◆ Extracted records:

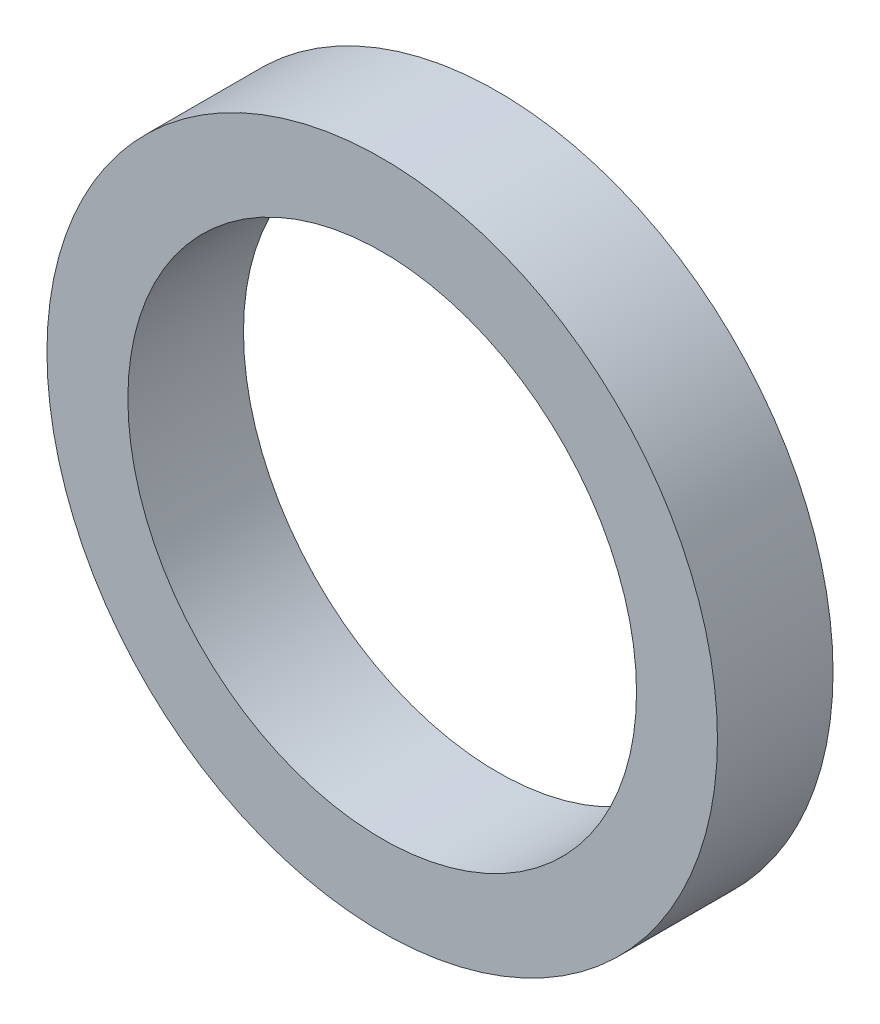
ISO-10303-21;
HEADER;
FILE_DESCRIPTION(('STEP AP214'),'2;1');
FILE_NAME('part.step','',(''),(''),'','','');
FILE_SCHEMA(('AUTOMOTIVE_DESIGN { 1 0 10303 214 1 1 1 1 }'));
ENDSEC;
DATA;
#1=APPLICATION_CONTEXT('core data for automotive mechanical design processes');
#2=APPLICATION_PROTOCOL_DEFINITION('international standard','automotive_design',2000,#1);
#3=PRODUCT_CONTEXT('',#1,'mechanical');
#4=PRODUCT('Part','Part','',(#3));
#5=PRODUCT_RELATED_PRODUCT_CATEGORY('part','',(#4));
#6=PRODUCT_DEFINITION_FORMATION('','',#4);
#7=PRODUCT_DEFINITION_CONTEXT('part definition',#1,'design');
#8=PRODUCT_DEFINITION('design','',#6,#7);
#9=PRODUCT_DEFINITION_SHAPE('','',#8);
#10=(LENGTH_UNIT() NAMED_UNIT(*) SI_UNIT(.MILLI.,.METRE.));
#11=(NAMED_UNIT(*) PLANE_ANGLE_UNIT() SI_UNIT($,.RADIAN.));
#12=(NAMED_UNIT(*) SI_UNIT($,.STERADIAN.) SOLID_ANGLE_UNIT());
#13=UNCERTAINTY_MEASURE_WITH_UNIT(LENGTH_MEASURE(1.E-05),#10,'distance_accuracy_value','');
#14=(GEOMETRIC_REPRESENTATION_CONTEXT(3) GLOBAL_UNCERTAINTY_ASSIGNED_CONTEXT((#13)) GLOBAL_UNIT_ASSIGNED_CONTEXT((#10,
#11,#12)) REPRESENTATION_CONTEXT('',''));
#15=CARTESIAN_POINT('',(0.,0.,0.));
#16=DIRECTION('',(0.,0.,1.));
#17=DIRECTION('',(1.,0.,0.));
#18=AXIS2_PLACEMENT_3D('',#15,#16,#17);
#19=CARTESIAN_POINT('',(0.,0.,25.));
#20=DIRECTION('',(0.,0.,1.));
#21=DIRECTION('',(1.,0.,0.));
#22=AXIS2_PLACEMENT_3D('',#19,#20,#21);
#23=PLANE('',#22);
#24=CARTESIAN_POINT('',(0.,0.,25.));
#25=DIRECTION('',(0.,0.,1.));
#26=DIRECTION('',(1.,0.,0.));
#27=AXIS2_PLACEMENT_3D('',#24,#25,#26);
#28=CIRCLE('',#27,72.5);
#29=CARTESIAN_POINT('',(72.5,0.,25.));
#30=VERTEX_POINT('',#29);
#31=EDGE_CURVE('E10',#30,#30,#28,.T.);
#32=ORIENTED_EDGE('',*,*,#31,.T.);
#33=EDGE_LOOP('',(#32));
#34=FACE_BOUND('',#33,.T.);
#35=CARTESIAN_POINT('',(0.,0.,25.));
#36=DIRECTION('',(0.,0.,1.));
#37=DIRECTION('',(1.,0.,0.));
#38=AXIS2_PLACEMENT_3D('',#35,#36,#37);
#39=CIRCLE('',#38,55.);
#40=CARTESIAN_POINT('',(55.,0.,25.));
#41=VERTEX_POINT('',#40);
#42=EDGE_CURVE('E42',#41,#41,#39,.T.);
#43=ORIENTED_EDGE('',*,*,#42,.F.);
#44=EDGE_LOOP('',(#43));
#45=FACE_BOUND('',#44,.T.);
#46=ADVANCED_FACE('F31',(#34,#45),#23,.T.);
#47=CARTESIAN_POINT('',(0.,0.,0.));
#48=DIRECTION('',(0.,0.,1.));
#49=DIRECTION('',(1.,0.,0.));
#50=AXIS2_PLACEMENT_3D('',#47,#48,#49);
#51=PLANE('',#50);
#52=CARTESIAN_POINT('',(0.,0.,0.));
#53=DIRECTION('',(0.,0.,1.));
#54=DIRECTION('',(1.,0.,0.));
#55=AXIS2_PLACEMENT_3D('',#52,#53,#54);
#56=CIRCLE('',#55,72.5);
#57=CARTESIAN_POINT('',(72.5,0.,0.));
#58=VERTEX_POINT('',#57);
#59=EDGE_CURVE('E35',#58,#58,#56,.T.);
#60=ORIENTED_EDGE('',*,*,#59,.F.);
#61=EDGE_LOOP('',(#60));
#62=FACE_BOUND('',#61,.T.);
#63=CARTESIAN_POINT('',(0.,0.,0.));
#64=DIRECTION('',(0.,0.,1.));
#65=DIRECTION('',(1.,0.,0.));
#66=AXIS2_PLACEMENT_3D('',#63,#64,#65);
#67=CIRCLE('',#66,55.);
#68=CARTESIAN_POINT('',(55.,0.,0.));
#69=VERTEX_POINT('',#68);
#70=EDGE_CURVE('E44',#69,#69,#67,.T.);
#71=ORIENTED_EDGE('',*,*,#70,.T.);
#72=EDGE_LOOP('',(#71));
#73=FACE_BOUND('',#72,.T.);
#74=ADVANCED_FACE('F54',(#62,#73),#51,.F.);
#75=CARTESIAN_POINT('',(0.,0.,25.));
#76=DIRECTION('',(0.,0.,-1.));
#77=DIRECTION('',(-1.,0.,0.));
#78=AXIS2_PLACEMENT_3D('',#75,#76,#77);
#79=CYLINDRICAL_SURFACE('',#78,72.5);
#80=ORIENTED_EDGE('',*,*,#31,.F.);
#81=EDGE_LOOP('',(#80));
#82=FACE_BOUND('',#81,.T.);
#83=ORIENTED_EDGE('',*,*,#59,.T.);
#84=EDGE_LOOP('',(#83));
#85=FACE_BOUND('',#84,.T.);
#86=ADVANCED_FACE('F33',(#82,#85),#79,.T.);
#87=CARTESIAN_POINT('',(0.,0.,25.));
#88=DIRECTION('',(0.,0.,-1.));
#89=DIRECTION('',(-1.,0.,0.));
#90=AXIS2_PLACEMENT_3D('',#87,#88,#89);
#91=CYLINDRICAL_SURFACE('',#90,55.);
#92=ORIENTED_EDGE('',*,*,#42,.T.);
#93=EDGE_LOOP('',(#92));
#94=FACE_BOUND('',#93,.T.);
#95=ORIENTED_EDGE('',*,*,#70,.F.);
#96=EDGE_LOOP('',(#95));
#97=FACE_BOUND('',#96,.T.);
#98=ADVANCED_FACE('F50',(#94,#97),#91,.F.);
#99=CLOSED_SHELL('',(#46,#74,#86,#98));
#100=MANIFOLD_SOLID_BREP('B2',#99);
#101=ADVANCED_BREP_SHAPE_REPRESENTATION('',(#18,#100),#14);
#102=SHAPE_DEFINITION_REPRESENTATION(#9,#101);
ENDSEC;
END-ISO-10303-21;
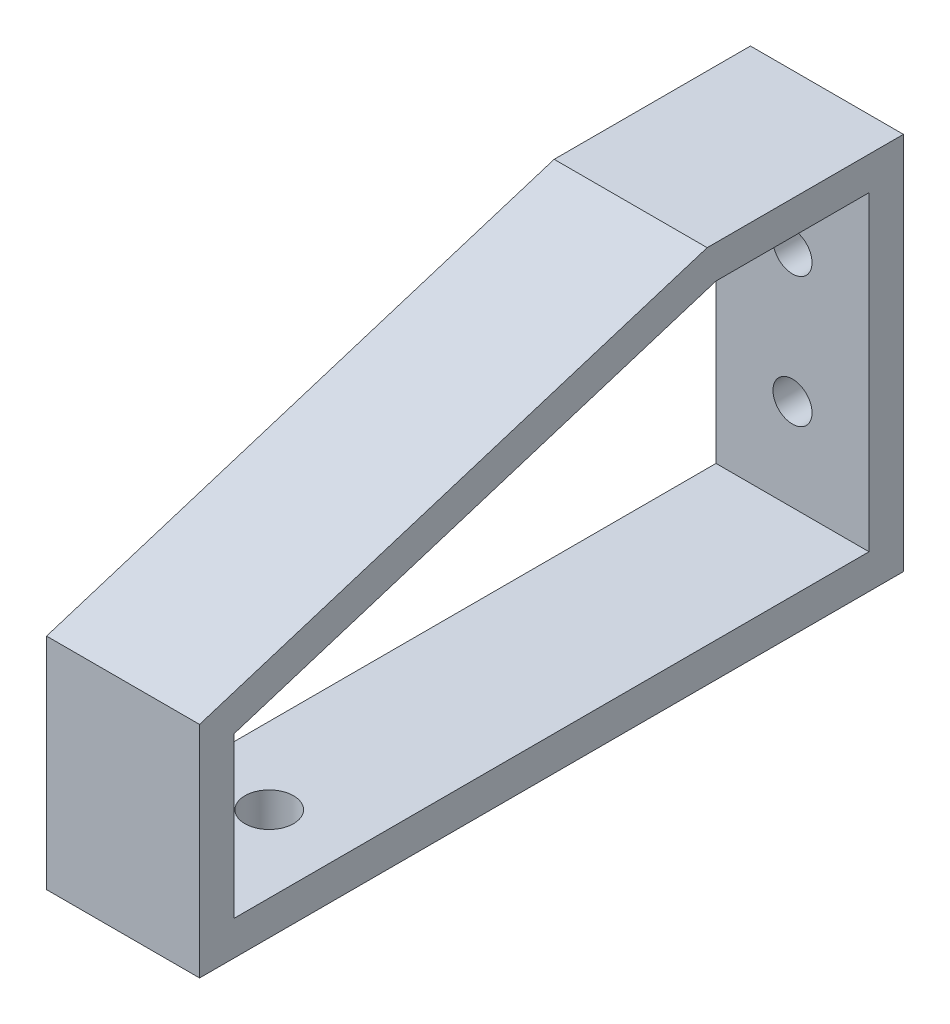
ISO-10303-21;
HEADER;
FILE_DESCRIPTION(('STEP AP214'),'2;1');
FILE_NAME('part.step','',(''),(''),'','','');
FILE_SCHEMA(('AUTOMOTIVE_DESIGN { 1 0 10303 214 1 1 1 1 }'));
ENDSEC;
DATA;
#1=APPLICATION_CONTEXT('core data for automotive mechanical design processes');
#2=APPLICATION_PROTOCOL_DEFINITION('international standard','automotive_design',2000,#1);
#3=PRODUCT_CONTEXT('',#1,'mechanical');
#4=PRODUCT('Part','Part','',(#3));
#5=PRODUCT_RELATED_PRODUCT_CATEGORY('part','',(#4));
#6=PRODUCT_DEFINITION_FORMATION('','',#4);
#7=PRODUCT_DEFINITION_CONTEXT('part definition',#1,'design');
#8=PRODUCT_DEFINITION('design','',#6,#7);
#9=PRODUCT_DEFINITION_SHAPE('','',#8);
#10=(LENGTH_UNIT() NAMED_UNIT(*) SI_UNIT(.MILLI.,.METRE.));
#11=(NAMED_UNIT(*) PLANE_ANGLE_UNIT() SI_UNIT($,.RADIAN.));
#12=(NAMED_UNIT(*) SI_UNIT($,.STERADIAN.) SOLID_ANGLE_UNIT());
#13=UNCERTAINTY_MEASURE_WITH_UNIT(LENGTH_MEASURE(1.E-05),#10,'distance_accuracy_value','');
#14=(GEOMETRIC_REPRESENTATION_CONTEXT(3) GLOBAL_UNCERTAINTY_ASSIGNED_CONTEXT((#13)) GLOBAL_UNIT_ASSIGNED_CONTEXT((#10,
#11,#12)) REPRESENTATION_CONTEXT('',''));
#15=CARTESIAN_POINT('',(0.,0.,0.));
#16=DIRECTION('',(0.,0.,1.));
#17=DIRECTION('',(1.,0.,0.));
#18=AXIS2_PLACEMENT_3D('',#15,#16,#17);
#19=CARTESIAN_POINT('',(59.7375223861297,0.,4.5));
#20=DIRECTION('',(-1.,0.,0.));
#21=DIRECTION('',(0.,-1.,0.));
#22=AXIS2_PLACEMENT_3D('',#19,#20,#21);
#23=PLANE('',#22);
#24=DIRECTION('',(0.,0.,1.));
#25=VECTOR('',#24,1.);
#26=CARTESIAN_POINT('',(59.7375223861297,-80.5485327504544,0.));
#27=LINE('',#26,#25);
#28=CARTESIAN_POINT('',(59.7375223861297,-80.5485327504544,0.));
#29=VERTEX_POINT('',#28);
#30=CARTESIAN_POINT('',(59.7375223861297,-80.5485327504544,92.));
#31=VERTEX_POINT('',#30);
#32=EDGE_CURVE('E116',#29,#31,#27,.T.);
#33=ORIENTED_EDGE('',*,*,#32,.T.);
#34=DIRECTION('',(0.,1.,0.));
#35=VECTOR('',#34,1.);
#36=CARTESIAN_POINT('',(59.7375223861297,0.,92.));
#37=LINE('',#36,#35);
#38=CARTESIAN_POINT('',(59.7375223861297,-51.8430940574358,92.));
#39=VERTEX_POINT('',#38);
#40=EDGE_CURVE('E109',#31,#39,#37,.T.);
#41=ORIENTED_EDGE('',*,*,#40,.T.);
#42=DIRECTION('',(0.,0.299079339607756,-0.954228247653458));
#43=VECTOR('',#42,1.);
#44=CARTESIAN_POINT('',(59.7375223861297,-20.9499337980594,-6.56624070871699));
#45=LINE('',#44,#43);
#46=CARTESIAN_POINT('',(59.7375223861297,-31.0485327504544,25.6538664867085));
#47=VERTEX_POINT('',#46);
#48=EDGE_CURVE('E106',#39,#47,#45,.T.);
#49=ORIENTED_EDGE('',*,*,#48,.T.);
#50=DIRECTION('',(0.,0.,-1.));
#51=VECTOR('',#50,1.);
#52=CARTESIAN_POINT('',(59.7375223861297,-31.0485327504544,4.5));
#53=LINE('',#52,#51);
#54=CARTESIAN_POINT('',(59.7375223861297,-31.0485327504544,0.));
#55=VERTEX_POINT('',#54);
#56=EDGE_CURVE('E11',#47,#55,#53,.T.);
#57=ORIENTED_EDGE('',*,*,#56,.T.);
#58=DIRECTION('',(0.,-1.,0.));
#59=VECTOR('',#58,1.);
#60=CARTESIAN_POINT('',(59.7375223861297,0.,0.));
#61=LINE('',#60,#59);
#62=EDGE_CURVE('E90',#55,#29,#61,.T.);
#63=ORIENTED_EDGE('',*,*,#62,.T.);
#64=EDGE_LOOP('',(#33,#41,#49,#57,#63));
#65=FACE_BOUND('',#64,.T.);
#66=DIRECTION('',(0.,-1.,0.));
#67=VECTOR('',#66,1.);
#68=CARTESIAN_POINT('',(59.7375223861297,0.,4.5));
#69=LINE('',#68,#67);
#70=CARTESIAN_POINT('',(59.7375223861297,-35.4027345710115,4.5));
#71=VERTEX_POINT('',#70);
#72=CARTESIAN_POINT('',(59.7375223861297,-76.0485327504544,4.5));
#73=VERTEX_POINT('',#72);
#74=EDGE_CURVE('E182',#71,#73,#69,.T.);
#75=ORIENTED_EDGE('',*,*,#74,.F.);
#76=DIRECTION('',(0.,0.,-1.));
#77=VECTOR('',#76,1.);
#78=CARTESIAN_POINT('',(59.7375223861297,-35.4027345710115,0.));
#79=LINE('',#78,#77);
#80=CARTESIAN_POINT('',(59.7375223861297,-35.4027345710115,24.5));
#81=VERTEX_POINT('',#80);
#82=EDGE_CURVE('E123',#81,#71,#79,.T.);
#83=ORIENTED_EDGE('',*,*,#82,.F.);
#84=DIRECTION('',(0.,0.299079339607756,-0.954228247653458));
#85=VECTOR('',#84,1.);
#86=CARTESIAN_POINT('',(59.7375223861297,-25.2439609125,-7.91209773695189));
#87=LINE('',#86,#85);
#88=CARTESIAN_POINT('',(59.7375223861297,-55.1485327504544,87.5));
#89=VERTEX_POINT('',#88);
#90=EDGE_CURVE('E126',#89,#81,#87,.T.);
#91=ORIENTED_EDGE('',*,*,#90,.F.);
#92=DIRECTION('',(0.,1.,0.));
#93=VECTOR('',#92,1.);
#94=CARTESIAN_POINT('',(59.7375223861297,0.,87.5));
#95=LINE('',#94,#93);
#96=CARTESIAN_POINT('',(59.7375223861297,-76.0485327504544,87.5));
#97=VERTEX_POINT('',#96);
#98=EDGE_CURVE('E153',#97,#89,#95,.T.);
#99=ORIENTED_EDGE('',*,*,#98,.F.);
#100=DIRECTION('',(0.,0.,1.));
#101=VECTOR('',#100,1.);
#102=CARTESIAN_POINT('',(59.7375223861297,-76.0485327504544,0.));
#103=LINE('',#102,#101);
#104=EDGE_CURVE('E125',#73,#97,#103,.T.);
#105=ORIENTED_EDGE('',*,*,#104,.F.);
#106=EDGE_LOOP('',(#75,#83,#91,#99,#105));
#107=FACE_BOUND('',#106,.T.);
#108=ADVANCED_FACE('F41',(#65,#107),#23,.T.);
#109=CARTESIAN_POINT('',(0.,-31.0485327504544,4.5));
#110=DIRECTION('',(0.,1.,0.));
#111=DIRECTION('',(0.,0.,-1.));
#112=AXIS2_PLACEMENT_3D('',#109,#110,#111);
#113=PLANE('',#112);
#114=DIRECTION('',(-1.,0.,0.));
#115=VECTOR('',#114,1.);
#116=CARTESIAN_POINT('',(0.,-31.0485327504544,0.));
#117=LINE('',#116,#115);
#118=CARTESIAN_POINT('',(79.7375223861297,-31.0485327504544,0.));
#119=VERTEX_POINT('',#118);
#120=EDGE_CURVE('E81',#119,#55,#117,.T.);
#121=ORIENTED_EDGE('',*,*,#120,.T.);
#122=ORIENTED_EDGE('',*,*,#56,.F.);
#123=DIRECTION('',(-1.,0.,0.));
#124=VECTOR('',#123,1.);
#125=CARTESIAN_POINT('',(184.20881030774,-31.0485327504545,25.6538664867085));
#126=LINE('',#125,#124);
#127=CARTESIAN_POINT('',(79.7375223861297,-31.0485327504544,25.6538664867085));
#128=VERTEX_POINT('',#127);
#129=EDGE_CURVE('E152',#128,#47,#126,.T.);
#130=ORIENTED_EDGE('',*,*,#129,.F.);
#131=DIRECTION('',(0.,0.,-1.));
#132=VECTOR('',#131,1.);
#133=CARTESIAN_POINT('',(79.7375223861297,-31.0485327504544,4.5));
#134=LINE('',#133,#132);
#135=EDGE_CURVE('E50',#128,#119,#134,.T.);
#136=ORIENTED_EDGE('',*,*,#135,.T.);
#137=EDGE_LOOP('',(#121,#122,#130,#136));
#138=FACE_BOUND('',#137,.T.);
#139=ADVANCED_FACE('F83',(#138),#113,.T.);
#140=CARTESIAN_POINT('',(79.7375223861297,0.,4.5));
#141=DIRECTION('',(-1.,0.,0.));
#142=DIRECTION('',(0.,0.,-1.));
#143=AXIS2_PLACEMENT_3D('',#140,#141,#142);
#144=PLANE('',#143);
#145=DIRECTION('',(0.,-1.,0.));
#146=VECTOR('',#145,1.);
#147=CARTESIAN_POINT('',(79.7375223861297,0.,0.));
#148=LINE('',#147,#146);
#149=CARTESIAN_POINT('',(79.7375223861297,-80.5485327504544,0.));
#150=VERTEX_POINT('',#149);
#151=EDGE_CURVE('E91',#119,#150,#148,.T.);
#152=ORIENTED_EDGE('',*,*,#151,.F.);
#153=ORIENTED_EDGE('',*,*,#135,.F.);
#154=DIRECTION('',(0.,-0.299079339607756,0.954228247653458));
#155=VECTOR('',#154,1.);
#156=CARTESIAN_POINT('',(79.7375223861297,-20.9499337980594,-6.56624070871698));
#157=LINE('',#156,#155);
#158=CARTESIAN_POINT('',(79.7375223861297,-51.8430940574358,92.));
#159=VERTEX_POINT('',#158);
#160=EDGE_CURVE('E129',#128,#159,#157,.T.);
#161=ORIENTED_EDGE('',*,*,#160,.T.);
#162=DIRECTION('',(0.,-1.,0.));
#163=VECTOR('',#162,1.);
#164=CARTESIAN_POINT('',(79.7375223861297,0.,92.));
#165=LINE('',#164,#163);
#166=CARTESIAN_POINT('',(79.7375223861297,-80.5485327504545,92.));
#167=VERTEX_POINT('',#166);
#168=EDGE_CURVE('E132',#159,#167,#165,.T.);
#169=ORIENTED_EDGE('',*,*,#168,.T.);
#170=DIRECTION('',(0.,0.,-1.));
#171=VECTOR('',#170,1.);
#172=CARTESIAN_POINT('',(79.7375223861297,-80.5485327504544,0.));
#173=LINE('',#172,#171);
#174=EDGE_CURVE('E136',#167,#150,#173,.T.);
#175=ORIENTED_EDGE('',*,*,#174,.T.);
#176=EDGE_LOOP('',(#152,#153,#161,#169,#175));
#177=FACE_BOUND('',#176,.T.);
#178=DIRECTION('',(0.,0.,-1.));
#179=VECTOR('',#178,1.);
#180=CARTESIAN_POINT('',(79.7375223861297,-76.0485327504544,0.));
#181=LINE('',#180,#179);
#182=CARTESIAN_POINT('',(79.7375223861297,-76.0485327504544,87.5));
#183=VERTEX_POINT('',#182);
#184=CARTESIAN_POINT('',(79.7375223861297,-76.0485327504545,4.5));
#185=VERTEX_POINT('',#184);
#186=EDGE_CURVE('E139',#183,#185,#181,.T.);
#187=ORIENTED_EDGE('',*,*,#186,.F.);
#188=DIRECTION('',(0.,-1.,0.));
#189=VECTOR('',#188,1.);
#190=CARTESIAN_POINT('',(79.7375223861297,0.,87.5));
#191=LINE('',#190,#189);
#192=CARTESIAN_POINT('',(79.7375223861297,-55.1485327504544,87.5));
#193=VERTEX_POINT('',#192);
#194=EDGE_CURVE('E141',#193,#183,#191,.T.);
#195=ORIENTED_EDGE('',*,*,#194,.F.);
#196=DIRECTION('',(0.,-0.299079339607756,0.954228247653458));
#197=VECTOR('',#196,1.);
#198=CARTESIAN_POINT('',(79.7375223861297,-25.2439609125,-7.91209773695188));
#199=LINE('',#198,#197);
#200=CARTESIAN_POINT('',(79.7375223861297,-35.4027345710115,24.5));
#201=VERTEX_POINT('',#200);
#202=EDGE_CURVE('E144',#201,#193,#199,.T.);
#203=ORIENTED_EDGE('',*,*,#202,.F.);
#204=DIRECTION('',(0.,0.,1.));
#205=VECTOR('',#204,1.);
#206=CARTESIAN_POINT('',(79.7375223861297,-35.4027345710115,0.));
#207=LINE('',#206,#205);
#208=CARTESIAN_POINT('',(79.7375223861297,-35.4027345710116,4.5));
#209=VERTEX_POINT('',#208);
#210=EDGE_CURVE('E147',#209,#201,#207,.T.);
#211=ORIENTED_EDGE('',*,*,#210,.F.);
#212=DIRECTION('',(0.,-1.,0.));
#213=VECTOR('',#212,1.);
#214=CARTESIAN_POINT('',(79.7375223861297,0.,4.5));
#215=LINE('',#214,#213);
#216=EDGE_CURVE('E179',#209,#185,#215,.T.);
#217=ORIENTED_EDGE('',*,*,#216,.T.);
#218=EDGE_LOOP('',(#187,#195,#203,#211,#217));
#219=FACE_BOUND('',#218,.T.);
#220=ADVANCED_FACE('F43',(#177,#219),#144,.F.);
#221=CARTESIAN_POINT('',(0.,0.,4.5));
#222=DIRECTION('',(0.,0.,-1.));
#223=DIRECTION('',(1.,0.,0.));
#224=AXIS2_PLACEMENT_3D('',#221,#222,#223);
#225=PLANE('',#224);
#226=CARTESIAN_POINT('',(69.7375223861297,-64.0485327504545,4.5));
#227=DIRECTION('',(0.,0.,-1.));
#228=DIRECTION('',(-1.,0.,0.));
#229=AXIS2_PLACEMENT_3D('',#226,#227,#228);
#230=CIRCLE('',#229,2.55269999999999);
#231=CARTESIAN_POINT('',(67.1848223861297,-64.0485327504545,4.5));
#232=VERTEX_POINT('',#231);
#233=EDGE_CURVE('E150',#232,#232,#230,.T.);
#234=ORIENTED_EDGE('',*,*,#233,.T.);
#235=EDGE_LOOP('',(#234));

◆ ACTIVITY:
As listed above, the lines from the line with "#36=DIRECTION('',(0.,0.,1.));" to the line with "#51=PLANE('',#50);" are to be echoed exactly, with both ends included and nothing added.

◆ EXERCISE RESPONSE:
#36=DIRECTION('',(0.,0.,1.));
#37=DIRECTION('',(1.,0.,0.));
#38=AXIS2_PLACEMENT_3D('',#35,#36,#37);
#39=CIRCLE('',#38,55.);
#40=CARTESIAN_POINT('',(55.,0.,25.));
#41=VERTEX_POINT('',#40);
#42=EDGE_CURVE('E42',#41,#41,#39,.T.);
#43=ORIENTED_EDGE('',*,*,#42,.F.);
#44=EDGE_LOOP('',(#43));
#45=FACE_BOUND('',#44,.T.);
#46=ADVANCED_FACE('F31',(#34,#45),#23,.T.);
#47=CARTESIAN_POINT('',(0.,0.,0.));
#48=DIRECTION('',(0.,0.,1.));
#49=DIRECTION('',(1.,0.,0.));
#50=AXIS2_PLACEMENT_3D('',#47,#48,#49);
#51=PLANE('',#50);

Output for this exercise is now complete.